Task brief
Aside from the pictures, copy the listing exactly.

The data
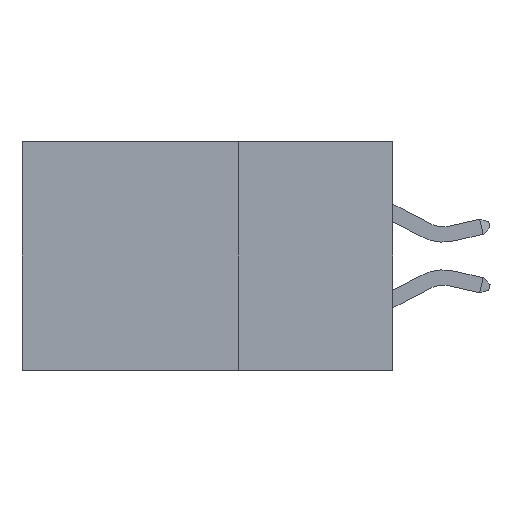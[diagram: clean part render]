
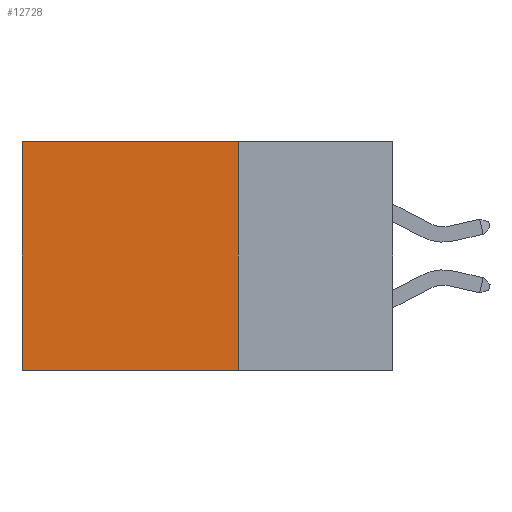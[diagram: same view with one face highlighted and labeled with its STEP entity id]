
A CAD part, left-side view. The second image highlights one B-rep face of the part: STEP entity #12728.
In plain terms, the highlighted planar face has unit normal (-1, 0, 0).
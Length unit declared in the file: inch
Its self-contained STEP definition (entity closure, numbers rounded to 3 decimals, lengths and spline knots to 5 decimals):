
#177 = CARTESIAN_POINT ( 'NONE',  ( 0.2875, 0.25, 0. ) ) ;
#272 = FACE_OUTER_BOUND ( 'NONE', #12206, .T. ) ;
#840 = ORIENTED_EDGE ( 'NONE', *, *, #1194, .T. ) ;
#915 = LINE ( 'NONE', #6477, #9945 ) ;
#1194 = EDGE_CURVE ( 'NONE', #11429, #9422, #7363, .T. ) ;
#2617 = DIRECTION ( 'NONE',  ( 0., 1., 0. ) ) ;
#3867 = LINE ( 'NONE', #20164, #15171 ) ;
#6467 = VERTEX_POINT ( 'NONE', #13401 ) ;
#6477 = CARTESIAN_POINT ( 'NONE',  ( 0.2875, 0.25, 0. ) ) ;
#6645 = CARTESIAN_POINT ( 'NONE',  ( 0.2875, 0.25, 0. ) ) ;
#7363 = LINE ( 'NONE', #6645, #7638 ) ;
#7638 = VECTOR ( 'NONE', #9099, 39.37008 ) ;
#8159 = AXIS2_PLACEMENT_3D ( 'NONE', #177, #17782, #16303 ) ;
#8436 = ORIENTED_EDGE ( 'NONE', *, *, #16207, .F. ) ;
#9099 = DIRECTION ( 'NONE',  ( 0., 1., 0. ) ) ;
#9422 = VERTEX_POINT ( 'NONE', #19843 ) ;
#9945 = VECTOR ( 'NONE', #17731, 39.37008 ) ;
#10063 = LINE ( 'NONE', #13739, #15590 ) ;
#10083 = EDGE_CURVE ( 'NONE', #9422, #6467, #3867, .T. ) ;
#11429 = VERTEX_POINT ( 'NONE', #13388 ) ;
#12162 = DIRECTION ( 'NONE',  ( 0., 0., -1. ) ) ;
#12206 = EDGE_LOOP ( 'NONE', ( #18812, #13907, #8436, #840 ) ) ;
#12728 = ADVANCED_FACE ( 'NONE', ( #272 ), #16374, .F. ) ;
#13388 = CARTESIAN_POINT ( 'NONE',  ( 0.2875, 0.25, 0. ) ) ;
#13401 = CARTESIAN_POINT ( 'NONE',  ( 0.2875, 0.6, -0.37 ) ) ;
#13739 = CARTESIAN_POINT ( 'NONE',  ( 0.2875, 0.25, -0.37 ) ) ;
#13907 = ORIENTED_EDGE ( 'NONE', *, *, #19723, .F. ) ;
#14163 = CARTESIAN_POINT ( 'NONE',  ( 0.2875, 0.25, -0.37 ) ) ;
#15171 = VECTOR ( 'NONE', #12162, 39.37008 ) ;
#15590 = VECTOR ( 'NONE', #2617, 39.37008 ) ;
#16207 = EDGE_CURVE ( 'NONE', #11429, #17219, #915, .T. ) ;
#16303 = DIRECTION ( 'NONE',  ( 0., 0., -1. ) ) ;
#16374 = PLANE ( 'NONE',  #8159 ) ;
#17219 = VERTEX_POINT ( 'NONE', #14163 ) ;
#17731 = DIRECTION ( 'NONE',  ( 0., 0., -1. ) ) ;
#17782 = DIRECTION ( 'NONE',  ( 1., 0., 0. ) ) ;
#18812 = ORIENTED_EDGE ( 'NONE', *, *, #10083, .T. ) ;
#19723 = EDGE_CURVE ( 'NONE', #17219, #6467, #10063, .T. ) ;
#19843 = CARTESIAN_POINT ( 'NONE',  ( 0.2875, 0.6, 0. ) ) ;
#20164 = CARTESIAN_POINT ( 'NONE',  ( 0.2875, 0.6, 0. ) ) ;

Task response
[diagram: clean part render]
[diagram: same view with one face highlighted and labeled with its STEP entity id]
A CAD part, left-side view. The second image highlights one B-rep face of the part: STEP entity #12728.
In plain terms, the highlighted planar face has unit normal (-1, 0, 0).
Length unit declared in the file: inch
Its self-contained STEP definition (entity closure, numbers rounded to 3 decimals, lengths and spline knots to 5 decimals):
#177 = CARTESIAN_POINT ( 'NONE',  ( 0.2875, 0.25, 0. ) ) ;
#272 = FACE_OUTER_BOUND ( 'NONE', #12206, .T. ) ;
#840 = ORIENTED_EDGE ( 'NONE', *, *, #1194, .T. ) ;
#915 = LINE ( 'NONE', #6477, #9945 ) ;
#1194 = EDGE_CURVE ( 'NONE', #11429, #9422, #7363, .T. ) ;
#2617 = DIRECTION ( 'NONE',  ( 0., 1., 0. ) ) ;
#3867 = LINE ( 'NONE', #20164, #15171 ) ;
#6467 = VERTEX_POINT ( 'NONE', #13401 ) ;
#6477 = CARTESIAN_POINT ( 'NONE',  ( 0.2875, 0.25, 0. ) ) ;
#6645 = CARTESIAN_POINT ( 'NONE',  ( 0.2875, 0.25, 0. ) ) ;
#7363 = LINE ( 'NONE', #6645, #7638 ) ;
#7638 = VECTOR ( 'NONE', #9099, 39.37008 ) ;
#8159 = AXIS2_PLACEMENT_3D ( 'NONE', #177, #17782, #16303 ) ;
#8436 = ORIENTED_EDGE ( 'NONE', *, *, #16207, .F. ) ;
#9099 = DIRECTION ( 'NONE',  ( 0., 1., 0. ) ) ;
#9422 = VERTEX_POINT ( 'NONE', #19843 ) ;
#9945 = VECTOR ( 'NONE', #17731, 39.37008 ) ;
#10063 = LINE ( 'NONE', #13739, #15590 ) ;
#10083 = EDGE_CURVE ( 'NONE', #9422, #6467, #3867, .T. ) ;
#11429 = VERTEX_POINT ( 'NONE', #13388 ) ;
#12162 = DIRECTION ( 'NONE',  ( 0., 0., -1. ) ) ;
#12206 = EDGE_LOOP ( 'NONE', ( #18812, #13907, #8436, #840 ) ) ;
#12728 = ADVANCED_FACE ( 'NONE', ( #272 ), #16374, .F. ) ;
#13388 = CARTESIAN_POINT ( 'NONE',  ( 0.2875, 0.25, 0. ) ) ;
#13401 = CARTESIAN_POINT ( 'NONE',  ( 0.2875, 0.6, -0.37 ) ) ;
#13739 = CARTESIAN_POINT ( 'NONE',  ( 0.2875, 0.25, -0.37 ) ) ;
#13907 = ORIENTED_EDGE ( 'NONE', *, *, #19723, .F. ) ;
#14163 = CARTESIAN_POINT ( 'NONE',  ( 0.2875, 0.25, -0.37 ) ) ;
#15171 = VECTOR ( 'NONE', #12162, 39.37008 ) ;
#15590 = VECTOR ( 'NONE', #2617, 39.37008 ) ;
#16207 = EDGE_CURVE ( 'NONE', #11429, #17219, #915, .T. ) ;
#16303 = DIRECTION ( 'NONE',  ( 0., 0., -1. ) ) ;
#16374 = PLANE ( 'NONE',  #8159 ) ;
#17219 = VERTEX_POINT ( 'NONE', #14163 ) ;
#17731 = DIRECTION ( 'NONE',  ( 0., 0., -1. ) ) ;
#17782 = DIRECTION ( 'NONE',  ( 1., 0., 0. ) ) ;
#18812 = ORIENTED_EDGE ( 'NONE', *, *, #10083, .T. ) ;
#19723 = EDGE_CURVE ( 'NONE', #17219, #6467, #10063, .T. ) ;
#19843 = CARTESIAN_POINT ( 'NONE',  ( 0.2875, 0.6, 0. ) ) ;
#20164 = CARTESIAN_POINT ( 'NONE',  ( 0.2875, 0.6, 0. ) ) ;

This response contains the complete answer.